Work instruction: With pictures excluded, output exactly the lines that run from the first line of the data below through the line containing "[picture b1s2: schematic".

Exercise material:
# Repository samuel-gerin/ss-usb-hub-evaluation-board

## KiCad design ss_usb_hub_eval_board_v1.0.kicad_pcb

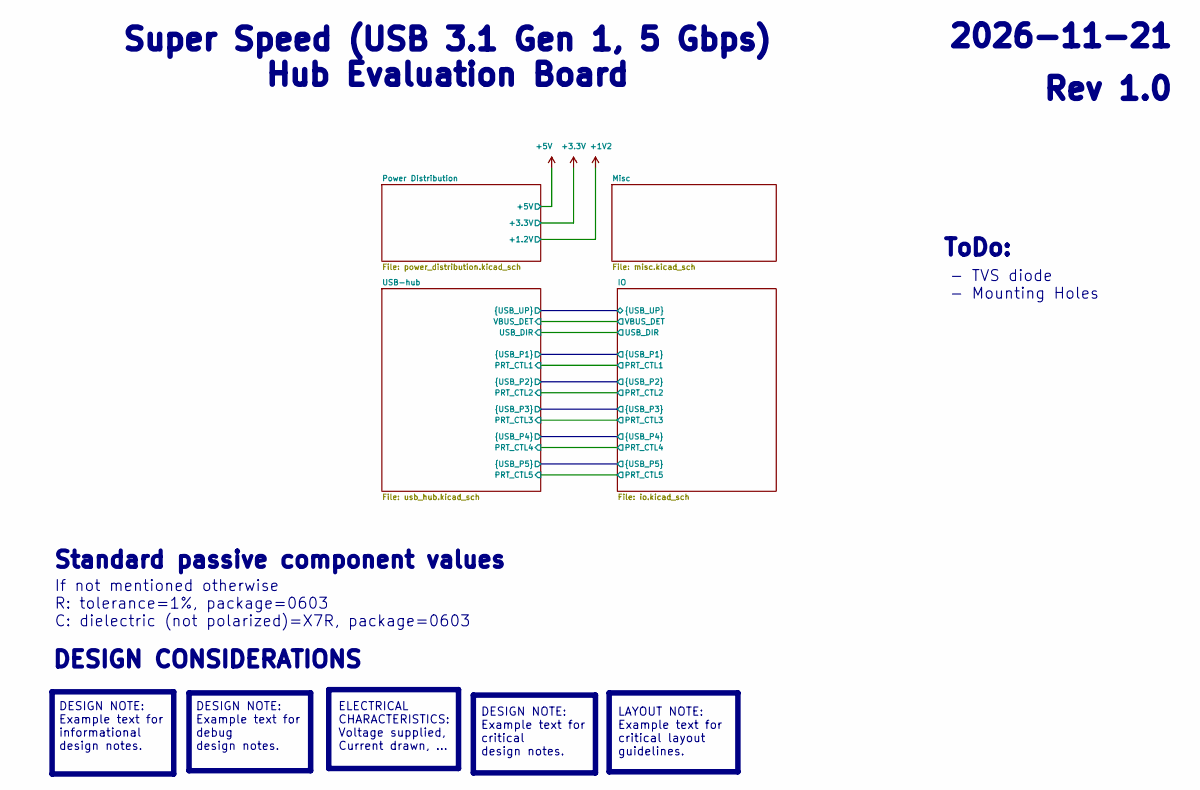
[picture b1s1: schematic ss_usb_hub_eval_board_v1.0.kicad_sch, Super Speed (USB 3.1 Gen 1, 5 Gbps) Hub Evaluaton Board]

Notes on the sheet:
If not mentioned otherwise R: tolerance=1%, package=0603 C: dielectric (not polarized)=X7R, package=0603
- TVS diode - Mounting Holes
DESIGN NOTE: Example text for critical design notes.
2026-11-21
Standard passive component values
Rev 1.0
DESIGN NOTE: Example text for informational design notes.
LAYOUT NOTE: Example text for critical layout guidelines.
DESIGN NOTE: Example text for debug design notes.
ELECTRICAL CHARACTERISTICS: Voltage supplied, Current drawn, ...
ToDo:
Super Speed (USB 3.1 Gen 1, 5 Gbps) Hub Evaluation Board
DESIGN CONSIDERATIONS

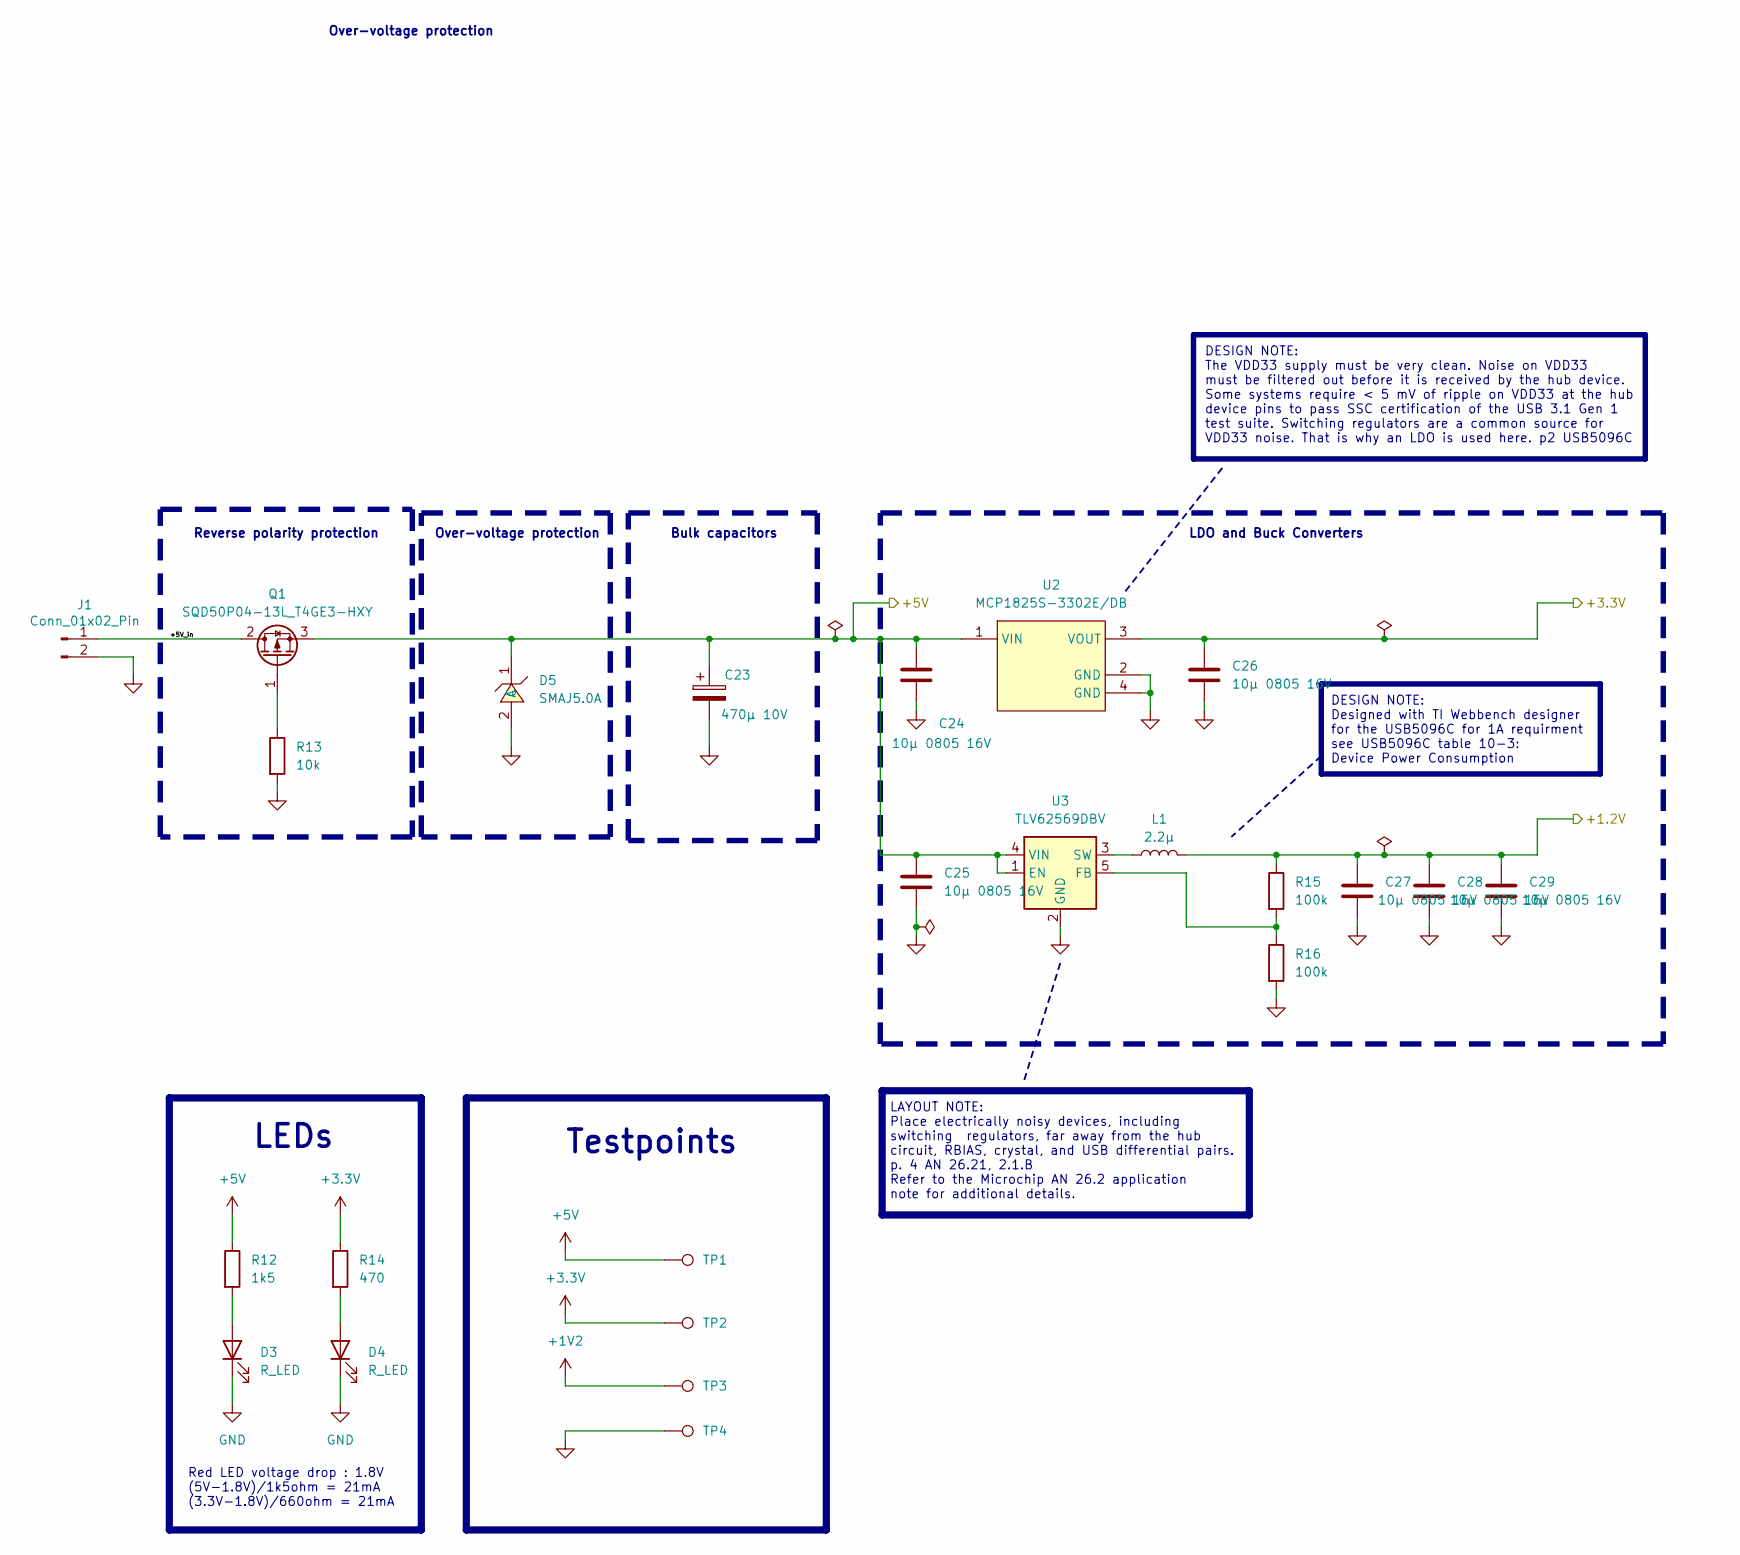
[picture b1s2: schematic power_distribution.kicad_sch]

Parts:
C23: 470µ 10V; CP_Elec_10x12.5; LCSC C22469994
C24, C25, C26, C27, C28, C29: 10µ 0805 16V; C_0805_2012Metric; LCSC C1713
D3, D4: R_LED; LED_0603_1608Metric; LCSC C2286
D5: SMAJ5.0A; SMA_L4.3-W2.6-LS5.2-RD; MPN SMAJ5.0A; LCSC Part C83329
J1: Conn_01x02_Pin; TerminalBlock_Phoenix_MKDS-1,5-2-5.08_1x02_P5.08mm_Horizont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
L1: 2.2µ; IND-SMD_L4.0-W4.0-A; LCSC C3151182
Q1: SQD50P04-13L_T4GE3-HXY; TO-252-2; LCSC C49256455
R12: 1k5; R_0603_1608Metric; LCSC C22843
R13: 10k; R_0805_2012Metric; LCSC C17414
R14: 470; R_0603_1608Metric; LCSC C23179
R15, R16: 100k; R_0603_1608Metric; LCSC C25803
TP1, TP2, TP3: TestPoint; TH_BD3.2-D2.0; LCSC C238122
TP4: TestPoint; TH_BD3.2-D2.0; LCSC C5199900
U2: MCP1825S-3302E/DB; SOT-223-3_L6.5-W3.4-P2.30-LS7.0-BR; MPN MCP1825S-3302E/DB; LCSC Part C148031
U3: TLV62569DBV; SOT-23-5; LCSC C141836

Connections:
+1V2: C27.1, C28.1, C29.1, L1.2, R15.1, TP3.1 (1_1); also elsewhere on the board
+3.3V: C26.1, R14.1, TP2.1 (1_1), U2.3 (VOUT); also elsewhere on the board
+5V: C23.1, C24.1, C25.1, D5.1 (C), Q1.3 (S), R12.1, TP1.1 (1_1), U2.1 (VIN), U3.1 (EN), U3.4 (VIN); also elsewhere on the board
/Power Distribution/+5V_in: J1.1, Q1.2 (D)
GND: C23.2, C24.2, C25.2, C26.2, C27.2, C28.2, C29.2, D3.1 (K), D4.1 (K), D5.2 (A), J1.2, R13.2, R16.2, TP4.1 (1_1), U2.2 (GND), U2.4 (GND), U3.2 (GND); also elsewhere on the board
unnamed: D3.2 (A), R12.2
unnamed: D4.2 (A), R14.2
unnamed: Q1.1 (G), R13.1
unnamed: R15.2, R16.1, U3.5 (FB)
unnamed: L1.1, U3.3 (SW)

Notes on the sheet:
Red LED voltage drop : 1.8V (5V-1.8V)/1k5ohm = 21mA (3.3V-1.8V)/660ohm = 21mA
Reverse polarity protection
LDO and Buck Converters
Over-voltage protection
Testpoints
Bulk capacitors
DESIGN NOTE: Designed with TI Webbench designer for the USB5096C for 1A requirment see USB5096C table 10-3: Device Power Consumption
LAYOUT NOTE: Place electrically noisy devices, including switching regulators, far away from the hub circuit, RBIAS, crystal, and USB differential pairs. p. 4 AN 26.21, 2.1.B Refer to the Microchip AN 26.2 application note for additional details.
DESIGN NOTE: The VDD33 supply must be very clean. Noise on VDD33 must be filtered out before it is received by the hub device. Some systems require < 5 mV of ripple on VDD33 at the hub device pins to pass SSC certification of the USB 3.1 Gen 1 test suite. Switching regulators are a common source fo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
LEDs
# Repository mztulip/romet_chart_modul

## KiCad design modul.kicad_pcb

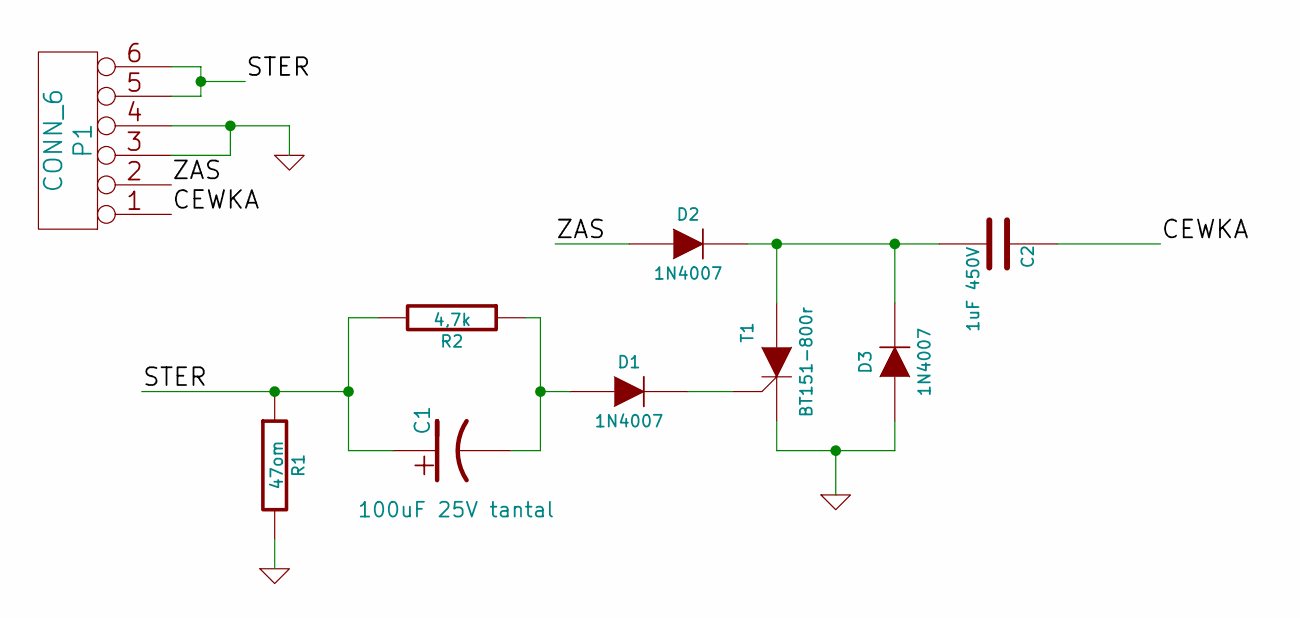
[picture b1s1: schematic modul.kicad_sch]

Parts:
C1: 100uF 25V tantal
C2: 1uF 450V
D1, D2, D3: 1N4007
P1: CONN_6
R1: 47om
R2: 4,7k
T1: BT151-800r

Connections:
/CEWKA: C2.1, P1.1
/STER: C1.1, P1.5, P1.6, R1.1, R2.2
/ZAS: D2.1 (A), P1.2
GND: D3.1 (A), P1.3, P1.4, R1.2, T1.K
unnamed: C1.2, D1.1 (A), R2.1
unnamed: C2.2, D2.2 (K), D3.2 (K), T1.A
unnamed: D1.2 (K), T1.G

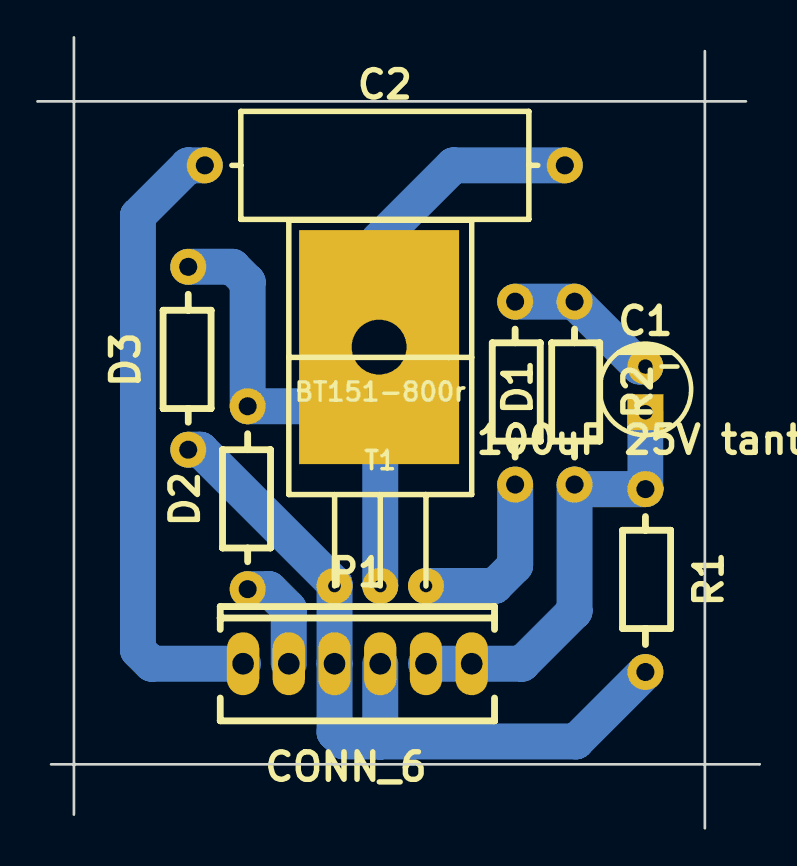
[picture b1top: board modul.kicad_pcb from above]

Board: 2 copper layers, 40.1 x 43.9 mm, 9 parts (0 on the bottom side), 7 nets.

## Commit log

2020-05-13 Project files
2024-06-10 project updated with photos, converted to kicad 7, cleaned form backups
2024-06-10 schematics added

Worked solution:
# Repository samuel-gerin/ss-usb-hub-evaluation-board

## KiCad design ss_usb_hub_eval_board_v1.0.kicad_pcb

[picture b1s1: schematic ss_usb_hub_eval_board_v1.0.kicad_sch, Super Speed (USB 3.1 Gen 1, 5 Gbps) Hub Evaluaton Board]

Notes on the sheet:
If not mentioned otherwise R: tolerance=1%, package=0603 C: dielectric (not polarized)=X7R, package=0603
- TVS diode - Mounting Holes
DESIGN NOTE: Example text for critical design notes.
2026-11-21
Standard passive component values
Rev 1.0
DESIGN NOTE: Example text for informational design notes.
LAYOUT NOTE: Example text for critical layout guidelines.
DESIGN NOTE: Example text for debug design notes.
ELECTRICAL CHARACTERISTICS: Voltage supplied, Current drawn, ...
ToDo:
Super Speed (USB 3.1 Gen 1, 5 Gbps) Hub Evaluation Board
DESIGN CONSIDERATIONS

[picture b1s2: schematic power_distribution.kicad_sch]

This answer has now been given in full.